* PROBLEM DESCRIPTION
Nothing but the lines below between the line holding "#136=DIRECTION('',(0.,-1.,0.));" and the line holding "#143=ORIENTED_EDGE('',*,*,#142,.F.);", inclusive, should appear in the answer, each set down exactly.

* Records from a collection
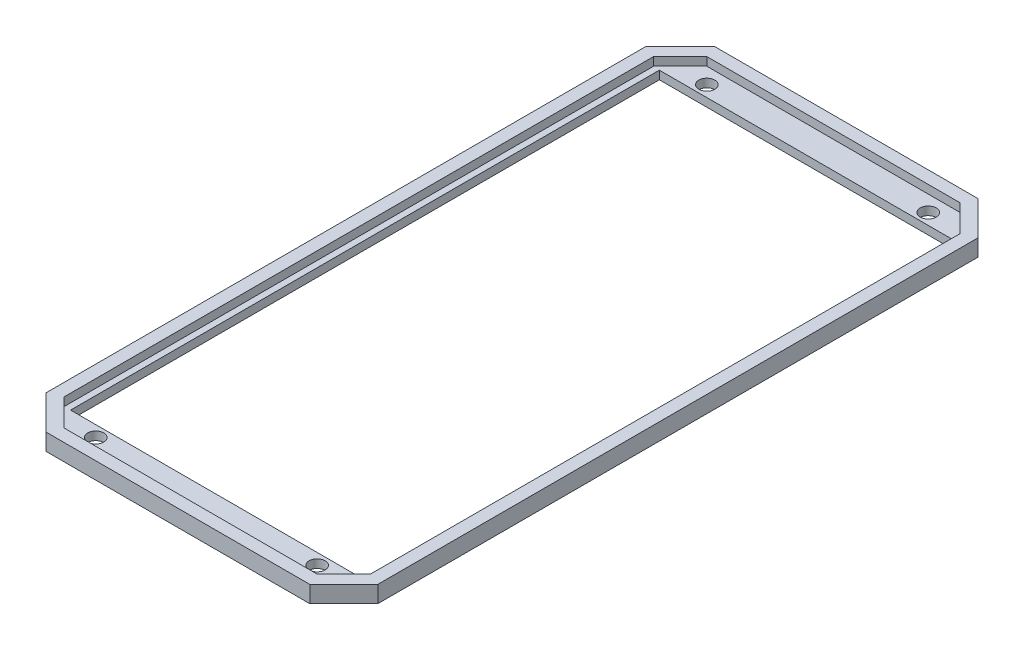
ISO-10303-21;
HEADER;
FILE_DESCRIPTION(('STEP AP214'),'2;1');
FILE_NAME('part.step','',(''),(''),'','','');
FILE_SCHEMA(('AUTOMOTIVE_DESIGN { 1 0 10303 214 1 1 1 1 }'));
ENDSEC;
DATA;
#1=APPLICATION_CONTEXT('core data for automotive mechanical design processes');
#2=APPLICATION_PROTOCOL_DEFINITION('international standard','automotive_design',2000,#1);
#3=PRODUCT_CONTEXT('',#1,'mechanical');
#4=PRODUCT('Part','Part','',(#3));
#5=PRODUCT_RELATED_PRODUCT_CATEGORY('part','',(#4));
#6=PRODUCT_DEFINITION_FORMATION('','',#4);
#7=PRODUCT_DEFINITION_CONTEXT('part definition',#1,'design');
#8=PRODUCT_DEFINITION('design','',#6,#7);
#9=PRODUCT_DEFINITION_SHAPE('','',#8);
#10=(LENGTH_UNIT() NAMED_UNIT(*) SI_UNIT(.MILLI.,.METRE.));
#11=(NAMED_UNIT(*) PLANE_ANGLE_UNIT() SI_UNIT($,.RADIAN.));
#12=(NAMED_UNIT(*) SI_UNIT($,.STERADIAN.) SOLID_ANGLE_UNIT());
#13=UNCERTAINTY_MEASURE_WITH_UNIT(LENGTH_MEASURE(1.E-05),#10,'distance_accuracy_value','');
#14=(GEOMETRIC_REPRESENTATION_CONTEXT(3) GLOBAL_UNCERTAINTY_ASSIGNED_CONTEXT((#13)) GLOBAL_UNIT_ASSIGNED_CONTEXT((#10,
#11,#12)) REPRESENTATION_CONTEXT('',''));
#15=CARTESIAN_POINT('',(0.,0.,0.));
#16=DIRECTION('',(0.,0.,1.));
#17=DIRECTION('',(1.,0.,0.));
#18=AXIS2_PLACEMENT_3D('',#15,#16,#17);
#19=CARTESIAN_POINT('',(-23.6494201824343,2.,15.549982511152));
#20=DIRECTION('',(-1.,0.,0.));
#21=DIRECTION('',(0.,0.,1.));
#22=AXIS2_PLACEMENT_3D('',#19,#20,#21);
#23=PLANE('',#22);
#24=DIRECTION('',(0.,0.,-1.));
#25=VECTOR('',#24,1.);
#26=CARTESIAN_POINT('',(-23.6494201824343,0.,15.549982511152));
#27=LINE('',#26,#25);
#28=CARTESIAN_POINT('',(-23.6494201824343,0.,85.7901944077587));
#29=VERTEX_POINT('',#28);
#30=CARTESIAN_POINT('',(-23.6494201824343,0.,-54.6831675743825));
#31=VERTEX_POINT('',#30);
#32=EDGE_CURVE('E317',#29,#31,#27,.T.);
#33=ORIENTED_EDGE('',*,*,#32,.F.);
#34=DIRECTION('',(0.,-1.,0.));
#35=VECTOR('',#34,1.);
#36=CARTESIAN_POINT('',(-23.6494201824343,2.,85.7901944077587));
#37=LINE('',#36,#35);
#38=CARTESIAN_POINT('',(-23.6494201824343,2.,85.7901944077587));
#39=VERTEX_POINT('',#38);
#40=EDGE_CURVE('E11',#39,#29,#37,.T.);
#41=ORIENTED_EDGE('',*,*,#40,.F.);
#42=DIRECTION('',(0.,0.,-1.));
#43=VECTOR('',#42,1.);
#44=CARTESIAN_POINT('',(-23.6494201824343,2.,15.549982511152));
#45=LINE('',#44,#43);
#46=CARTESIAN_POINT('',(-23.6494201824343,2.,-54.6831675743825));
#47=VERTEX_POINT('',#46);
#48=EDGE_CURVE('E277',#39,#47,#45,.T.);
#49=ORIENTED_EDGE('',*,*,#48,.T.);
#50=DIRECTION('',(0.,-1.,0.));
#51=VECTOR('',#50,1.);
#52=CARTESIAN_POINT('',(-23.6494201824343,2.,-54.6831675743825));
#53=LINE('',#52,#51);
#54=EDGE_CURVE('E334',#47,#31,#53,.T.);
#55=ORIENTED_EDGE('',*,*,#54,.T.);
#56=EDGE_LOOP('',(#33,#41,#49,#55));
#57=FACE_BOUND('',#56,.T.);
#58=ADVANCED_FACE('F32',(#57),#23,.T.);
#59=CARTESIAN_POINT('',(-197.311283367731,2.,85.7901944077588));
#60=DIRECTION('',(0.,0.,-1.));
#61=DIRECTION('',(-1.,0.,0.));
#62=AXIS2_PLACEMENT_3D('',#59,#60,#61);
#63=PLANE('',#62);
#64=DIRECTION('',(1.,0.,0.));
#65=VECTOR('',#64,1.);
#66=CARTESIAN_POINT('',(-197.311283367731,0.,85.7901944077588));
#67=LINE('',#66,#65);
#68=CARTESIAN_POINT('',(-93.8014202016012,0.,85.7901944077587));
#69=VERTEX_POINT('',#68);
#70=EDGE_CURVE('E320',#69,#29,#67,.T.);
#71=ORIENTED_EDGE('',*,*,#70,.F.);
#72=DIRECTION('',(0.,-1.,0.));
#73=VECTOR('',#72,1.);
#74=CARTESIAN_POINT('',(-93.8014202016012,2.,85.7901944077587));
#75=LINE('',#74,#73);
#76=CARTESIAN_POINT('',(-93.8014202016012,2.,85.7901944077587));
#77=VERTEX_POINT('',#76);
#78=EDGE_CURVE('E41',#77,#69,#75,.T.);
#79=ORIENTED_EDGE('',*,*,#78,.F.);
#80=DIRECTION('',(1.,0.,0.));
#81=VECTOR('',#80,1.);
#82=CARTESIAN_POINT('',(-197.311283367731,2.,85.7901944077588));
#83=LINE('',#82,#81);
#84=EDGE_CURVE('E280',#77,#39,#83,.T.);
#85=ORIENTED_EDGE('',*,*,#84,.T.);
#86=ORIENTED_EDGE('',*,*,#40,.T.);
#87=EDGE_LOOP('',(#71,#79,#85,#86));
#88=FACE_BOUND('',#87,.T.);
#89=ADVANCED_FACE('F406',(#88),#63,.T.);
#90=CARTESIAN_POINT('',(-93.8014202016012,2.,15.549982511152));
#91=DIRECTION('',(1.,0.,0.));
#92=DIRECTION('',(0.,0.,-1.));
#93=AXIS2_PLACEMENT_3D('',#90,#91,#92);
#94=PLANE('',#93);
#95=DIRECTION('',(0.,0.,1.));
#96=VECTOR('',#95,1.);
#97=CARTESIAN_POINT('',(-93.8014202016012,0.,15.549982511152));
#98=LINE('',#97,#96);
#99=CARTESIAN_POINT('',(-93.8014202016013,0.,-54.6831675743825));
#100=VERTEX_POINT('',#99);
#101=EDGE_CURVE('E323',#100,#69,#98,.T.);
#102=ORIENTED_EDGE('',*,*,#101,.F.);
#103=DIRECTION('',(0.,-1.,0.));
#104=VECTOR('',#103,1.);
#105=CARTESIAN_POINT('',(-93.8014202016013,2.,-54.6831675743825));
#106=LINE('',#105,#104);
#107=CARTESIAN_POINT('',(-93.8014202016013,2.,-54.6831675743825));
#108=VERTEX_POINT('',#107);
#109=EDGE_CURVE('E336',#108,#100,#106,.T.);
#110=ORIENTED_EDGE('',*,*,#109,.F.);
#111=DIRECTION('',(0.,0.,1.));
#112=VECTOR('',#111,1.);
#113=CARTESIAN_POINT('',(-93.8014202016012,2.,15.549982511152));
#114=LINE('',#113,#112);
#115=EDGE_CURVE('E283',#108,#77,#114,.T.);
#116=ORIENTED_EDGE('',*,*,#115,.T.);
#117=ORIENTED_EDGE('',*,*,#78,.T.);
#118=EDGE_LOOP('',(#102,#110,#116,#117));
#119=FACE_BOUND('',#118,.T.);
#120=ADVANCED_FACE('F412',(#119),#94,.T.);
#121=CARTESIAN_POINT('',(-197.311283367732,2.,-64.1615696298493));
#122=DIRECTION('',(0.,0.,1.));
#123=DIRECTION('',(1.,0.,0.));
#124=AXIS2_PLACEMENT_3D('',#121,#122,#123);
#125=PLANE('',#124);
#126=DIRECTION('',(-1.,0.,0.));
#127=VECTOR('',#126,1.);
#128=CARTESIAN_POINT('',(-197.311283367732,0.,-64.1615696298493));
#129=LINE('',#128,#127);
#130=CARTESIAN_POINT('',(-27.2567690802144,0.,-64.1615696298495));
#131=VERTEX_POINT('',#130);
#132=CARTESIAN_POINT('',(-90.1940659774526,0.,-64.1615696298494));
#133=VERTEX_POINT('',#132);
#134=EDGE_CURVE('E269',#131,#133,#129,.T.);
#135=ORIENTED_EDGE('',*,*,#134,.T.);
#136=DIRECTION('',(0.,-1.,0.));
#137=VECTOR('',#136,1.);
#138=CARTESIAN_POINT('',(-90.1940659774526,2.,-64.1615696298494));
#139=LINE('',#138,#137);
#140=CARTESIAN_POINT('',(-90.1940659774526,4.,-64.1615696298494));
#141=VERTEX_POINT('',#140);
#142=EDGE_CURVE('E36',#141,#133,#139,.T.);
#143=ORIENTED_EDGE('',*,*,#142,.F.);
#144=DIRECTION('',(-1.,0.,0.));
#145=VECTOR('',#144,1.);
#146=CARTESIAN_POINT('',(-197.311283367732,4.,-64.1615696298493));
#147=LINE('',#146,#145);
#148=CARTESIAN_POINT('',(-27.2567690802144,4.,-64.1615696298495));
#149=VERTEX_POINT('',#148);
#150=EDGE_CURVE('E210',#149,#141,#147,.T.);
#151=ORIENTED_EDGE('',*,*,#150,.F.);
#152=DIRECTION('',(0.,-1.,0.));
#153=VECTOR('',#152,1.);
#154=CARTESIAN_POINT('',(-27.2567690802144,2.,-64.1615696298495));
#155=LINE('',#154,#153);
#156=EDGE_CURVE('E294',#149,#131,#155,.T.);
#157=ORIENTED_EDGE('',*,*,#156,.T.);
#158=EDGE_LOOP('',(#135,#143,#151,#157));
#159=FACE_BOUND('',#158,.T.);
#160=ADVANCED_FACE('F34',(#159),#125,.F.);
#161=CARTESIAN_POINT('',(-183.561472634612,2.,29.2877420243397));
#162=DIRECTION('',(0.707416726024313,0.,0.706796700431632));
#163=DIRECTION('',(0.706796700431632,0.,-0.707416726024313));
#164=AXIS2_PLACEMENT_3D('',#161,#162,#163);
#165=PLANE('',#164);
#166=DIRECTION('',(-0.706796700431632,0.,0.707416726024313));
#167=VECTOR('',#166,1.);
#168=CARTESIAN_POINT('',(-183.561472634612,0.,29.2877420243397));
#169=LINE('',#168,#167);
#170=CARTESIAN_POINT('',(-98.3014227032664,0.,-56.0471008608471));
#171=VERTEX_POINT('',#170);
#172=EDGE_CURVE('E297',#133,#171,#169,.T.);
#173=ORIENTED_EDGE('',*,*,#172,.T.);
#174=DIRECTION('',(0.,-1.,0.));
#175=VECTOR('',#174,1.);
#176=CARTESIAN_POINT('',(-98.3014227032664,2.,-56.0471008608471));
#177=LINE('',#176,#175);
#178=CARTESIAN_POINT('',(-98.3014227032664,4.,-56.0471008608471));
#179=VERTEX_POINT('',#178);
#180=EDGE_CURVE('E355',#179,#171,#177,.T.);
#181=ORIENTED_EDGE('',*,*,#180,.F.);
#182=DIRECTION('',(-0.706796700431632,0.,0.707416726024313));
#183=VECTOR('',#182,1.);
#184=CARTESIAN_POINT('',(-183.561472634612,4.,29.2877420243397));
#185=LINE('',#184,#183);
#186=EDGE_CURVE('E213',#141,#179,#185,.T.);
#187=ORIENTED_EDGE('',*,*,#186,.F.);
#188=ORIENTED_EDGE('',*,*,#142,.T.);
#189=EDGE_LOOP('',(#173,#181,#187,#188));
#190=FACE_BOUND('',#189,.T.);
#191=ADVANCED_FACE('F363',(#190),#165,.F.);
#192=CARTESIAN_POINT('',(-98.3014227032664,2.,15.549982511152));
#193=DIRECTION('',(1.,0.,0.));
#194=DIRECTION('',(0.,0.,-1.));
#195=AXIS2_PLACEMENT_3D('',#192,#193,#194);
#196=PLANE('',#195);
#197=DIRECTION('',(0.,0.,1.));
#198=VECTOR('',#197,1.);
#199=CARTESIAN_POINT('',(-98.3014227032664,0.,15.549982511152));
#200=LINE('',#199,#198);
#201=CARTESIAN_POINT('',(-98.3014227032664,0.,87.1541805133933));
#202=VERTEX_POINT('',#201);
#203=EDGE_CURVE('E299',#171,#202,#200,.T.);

* YOUR RESPONSE
#136=DIRECTION('',(0.,-1.,0.));
#137=VECTOR('',#136,1.);
#138=CARTESIAN_POINT('',(-90.1940659774526,2.,-64.1615696298494));
#139=LINE('',#138,#137);
#140=CARTESIAN_POINT('',(-90.1940659774526,4.,-64.1615696298494));
#141=VERTEX_POINT('',#140);
#142=EDGE_CURVE('E36',#141,#133,#139,.T.);
#143=ORIENTED_EDGE('',*,*,#142,.F.);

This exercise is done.